La prise en main électronique à l’exemple des systèmes d’autoguidage, la rencontre d’un
consommateur devenu planétaire grâce à l’e-business (ou e-biz désormais), et l’ensemble
des modes de plus en plus contractés de connections (ISP, WAP, EDI, ECR, pour ne citer
que celles-ci)
1
expriment cette folie obsessionnelle de la primauté à l’information devenue de
plus en plus stratégique. Mais la course à cette information toujours renouvelée, réaffirme, si
besoin était et en même temps, la question et le concept de rationalité limitée. « Le cerveau
d’un seul homme reste incapable de maîtriser globalement la complexité croissante et
l’incertitude qui demeure […] sa rationalité ne peut et ne pourra jamais être que limitée »

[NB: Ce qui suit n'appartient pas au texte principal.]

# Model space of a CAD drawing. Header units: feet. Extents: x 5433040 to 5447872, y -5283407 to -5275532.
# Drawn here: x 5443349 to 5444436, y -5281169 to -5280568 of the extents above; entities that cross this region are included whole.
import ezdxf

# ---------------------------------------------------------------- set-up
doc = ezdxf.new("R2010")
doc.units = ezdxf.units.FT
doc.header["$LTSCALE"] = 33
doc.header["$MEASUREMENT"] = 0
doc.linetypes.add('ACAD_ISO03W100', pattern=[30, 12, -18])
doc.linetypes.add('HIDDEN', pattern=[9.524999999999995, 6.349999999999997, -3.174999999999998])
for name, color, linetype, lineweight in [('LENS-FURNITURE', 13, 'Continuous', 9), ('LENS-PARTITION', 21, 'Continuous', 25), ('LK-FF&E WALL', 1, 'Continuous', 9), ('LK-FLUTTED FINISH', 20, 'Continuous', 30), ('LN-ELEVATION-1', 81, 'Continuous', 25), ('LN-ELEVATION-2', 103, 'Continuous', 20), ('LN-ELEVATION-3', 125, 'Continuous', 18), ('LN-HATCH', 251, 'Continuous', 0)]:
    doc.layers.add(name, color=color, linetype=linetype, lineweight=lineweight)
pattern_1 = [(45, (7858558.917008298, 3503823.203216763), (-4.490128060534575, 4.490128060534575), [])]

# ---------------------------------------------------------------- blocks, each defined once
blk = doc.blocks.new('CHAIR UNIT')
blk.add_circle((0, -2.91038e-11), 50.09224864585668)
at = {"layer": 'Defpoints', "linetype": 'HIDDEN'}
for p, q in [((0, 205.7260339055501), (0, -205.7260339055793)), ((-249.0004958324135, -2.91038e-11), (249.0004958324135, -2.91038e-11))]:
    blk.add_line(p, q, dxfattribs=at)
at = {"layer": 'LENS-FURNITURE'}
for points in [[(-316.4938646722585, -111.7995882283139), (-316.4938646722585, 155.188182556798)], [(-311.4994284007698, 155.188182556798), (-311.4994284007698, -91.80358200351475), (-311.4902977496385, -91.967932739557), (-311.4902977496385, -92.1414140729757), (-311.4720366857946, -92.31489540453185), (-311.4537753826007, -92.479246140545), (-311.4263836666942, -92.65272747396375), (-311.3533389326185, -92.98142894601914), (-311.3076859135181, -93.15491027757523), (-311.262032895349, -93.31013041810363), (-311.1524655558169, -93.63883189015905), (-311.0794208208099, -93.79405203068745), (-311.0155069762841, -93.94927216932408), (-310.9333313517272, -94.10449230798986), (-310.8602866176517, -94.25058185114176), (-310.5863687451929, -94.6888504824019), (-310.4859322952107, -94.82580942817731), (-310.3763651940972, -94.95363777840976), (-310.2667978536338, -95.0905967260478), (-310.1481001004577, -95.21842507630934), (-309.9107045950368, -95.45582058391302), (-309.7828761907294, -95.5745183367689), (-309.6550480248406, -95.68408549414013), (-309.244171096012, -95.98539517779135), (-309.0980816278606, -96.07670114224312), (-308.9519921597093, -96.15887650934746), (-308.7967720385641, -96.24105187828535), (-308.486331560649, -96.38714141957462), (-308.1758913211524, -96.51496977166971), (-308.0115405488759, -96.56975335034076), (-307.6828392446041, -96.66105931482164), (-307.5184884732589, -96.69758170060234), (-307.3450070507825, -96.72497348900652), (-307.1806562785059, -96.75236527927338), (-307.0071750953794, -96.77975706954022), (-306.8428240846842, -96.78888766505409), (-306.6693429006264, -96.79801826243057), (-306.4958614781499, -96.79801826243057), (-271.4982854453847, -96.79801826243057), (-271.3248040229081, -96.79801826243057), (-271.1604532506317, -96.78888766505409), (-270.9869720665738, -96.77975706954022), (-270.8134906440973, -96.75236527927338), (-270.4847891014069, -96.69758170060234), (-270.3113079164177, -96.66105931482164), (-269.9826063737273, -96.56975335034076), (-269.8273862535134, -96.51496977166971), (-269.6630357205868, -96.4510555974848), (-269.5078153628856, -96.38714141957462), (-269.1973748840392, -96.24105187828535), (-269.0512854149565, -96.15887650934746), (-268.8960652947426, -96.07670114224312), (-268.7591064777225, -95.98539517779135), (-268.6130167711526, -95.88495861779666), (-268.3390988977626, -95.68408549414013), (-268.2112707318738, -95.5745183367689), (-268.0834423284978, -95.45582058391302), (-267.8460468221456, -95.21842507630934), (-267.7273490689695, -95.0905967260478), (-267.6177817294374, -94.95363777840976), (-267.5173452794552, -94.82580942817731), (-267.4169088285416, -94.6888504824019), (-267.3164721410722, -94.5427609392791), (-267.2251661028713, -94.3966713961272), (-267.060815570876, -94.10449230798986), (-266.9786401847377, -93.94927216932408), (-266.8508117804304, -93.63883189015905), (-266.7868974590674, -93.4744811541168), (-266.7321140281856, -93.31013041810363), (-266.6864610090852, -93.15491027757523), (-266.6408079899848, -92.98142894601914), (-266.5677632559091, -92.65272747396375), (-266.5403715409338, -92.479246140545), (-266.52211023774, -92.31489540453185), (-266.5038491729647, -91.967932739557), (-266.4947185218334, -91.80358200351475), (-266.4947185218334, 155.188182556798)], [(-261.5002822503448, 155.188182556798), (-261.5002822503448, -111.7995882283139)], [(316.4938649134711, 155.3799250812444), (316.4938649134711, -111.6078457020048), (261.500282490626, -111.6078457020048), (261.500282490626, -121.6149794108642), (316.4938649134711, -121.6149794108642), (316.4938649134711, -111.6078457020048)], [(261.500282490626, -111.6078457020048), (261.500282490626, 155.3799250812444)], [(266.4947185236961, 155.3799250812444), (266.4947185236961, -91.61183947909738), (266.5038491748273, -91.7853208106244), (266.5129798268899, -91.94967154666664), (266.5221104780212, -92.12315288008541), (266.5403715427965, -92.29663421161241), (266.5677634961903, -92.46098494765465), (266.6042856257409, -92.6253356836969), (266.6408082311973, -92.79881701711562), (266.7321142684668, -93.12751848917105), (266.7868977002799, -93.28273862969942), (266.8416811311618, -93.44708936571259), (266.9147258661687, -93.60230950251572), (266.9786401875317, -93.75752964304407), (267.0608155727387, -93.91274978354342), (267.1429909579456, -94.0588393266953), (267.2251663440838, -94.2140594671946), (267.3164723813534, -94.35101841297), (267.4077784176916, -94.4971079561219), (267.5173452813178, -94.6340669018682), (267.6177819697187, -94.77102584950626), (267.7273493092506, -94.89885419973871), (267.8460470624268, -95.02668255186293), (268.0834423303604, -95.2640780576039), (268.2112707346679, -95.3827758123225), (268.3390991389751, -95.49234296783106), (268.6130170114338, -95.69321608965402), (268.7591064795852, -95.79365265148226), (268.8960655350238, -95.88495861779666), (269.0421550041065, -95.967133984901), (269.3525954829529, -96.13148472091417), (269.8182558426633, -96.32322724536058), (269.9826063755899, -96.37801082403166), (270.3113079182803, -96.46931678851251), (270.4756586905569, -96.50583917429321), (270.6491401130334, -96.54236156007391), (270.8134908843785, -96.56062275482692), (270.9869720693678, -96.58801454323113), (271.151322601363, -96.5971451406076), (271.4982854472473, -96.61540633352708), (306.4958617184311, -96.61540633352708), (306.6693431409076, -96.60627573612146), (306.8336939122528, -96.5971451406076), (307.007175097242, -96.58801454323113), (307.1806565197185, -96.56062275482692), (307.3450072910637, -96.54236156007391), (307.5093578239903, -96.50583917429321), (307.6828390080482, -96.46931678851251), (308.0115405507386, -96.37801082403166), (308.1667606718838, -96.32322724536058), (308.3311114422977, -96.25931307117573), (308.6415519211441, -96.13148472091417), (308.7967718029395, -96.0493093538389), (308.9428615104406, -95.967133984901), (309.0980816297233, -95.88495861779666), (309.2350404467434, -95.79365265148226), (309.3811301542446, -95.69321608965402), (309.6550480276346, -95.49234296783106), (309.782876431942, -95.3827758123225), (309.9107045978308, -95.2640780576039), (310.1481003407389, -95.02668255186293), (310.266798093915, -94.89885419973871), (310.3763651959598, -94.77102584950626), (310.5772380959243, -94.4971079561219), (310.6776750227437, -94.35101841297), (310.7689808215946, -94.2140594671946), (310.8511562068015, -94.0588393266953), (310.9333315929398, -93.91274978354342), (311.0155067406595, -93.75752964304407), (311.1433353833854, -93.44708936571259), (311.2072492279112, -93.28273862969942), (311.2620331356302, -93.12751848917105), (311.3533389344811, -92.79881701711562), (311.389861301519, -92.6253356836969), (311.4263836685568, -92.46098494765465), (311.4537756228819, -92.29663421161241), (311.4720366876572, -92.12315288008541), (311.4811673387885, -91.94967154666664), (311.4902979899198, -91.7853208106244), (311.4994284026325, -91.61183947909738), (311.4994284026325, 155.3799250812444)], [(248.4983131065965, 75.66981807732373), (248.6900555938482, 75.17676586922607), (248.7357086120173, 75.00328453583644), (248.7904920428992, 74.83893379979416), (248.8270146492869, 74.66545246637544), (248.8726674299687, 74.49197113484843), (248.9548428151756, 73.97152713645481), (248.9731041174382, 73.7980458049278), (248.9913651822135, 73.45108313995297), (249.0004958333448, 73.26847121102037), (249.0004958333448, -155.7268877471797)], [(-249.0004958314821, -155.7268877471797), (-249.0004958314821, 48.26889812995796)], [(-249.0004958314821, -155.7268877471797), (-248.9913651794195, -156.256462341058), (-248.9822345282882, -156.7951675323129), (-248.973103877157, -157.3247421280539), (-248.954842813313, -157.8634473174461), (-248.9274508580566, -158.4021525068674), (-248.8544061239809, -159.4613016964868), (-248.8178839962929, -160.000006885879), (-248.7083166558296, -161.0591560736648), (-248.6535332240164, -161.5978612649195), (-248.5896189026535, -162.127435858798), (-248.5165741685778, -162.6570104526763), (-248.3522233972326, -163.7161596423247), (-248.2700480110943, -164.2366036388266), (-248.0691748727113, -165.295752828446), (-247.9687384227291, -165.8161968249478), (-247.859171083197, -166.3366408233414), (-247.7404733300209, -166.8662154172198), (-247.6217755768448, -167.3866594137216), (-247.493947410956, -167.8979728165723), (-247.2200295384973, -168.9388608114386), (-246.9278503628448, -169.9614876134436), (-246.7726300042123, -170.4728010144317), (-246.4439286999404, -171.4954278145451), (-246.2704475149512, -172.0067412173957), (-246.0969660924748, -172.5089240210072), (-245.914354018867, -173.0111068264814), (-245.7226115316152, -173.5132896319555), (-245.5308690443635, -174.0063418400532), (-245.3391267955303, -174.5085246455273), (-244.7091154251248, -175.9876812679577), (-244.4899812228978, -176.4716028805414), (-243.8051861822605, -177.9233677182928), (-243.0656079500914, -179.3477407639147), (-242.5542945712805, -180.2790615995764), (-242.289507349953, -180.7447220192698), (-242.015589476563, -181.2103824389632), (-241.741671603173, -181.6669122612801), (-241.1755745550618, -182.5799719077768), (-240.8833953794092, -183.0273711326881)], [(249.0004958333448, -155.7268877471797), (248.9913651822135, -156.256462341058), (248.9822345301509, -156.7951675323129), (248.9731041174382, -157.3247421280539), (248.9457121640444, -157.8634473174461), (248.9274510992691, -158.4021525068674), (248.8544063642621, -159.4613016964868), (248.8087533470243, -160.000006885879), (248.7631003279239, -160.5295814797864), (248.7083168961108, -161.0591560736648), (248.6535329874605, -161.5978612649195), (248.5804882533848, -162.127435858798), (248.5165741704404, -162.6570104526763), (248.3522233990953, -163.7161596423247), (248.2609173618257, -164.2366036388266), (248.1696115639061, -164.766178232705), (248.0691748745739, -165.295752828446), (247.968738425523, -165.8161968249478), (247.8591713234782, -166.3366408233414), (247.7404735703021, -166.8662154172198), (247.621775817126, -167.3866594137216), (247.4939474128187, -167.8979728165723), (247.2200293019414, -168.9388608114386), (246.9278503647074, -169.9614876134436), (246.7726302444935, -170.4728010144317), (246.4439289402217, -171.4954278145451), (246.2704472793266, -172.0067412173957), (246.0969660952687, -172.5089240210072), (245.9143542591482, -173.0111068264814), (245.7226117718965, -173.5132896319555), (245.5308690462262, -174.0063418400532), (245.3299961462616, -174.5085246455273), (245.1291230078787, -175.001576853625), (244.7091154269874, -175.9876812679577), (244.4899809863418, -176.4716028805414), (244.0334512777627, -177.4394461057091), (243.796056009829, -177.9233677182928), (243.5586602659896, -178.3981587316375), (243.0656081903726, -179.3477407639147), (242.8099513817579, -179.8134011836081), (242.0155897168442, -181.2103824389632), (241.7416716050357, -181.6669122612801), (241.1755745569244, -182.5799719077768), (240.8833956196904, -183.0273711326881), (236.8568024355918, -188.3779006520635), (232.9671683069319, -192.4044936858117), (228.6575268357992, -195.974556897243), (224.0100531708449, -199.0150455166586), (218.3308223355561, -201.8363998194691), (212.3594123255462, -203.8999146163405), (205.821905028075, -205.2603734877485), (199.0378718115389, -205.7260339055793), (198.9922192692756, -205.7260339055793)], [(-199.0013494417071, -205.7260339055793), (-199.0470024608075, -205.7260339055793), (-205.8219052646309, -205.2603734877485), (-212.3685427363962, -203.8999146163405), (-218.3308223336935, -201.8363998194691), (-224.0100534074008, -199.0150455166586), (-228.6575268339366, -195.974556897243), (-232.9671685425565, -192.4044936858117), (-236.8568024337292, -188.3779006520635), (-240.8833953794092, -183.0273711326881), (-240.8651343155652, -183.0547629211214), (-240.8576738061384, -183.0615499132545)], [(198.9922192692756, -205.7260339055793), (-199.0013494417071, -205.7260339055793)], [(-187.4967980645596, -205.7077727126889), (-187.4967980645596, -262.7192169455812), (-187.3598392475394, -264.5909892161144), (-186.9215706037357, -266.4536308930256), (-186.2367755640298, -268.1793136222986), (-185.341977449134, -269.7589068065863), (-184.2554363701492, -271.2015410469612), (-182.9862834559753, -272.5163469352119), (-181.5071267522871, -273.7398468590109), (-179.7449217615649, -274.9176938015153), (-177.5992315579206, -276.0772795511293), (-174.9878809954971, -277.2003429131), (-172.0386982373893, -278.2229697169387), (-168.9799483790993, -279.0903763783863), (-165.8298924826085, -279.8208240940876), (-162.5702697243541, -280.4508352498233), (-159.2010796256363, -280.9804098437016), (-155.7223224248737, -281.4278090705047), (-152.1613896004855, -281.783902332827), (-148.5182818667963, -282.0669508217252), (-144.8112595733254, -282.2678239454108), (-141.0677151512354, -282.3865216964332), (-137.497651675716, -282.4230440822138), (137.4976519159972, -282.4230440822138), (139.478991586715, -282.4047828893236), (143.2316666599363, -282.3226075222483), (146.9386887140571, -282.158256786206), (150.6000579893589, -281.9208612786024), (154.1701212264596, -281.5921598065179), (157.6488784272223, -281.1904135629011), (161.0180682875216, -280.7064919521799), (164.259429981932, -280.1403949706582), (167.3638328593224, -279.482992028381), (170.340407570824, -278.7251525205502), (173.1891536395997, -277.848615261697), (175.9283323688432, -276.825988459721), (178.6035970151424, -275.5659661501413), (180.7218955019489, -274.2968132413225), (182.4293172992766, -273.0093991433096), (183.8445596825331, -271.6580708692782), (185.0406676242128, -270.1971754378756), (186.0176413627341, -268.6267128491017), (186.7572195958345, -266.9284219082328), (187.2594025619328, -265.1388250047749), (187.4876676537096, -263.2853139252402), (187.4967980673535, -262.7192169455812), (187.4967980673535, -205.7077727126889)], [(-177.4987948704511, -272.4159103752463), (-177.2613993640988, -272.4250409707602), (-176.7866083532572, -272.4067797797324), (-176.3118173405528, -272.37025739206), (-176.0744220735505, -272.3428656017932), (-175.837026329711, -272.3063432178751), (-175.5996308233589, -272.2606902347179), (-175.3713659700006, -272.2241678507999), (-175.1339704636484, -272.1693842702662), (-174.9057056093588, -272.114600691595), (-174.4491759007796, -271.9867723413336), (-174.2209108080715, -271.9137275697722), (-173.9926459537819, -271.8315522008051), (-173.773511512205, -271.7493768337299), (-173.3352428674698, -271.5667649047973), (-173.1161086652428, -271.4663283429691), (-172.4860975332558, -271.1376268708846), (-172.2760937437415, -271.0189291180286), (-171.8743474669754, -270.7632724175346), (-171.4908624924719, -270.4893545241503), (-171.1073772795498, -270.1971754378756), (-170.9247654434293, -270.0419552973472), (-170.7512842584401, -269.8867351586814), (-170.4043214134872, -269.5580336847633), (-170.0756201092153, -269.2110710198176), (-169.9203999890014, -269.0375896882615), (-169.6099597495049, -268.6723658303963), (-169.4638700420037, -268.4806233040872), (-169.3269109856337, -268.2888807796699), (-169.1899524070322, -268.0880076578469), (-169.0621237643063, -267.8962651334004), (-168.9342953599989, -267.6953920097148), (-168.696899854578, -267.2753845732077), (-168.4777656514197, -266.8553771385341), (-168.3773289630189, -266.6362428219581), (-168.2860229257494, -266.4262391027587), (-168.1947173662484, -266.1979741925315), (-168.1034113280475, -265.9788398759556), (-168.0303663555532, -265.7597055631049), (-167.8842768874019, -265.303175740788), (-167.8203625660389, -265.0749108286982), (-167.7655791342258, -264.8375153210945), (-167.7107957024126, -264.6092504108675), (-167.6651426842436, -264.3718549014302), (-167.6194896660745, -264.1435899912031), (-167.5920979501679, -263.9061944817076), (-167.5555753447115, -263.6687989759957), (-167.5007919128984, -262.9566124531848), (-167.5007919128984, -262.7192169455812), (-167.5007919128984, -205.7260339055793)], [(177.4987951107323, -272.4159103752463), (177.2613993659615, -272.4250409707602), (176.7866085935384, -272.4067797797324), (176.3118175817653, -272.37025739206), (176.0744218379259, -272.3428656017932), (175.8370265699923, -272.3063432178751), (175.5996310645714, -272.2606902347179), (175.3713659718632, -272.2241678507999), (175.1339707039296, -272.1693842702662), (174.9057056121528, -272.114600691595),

(Simon, 1983). Ainsi ce n’est pas tant le statut de l’information qui interpelle mais plutôt son
traitement (compréhension), sa computation (traitement analytique) et son stockage
(archivage, base de données). Plutôt que produit, l’information redevient alors processus
(Lesca et al, 1995). On le suppute ici, l’émergence des services pour les particuliers comme
pour les entreprises, dans ces domaines aussi différents que vastes, prédominera encore
pour les quelques années à venir.
L’objet de ce papier est d’une part d’évoquer les concepts majeurs qui gravitent autour du
thème du Marketing des Services, d’en souligner, dans une approche résolument
épistémologique, les fondements et pertinences, puis, d’autre part de mettre en évidence
l’importance de l’élément humain au cœur de la prestation d’échange que constitue
pratiquement toujours l’acte de service.
Après le rappel, au travers de quelques exemples, des dysfonctionnements potentiels dans
les sociétés de services, qui mettent à jour la faiblesse des systèmes pour éviter que les
erreurs apparaissent, les concepts fondamentaux qui ont trait au Marketing des Services
seront évoqués.
A la suite de quoi, il sera discuté de la pertinence des outils, méthodes et processus pour
optimiser les prestations de service.
1
ISP : Internet Service Provider ou fournisseur de services Internet qui propose en plus de l’accès à
internet un certain nombre de services à valeur ajoutée ;
WAP : Wireless Application Protocol ou standard de transmission sur téléphone portable. Il donne
accès à des services sous forme de texte : actualités, résultats sportifs, programmes, infos routières,
météo… ; in France Télécom, (1998).
EDI : Electronic Data Interchange ou Echange de Données Informatisées c’est-à-dire la capacité à
échanger des données par des réseaux électroniques,
ECR : Efficient Consumer Response ou comment améliorer l’efficacité de la promotion, de la
logistique, des lancements de nouveaux produits et l’assortiment des points de vente in KOTLER et
al. (2000).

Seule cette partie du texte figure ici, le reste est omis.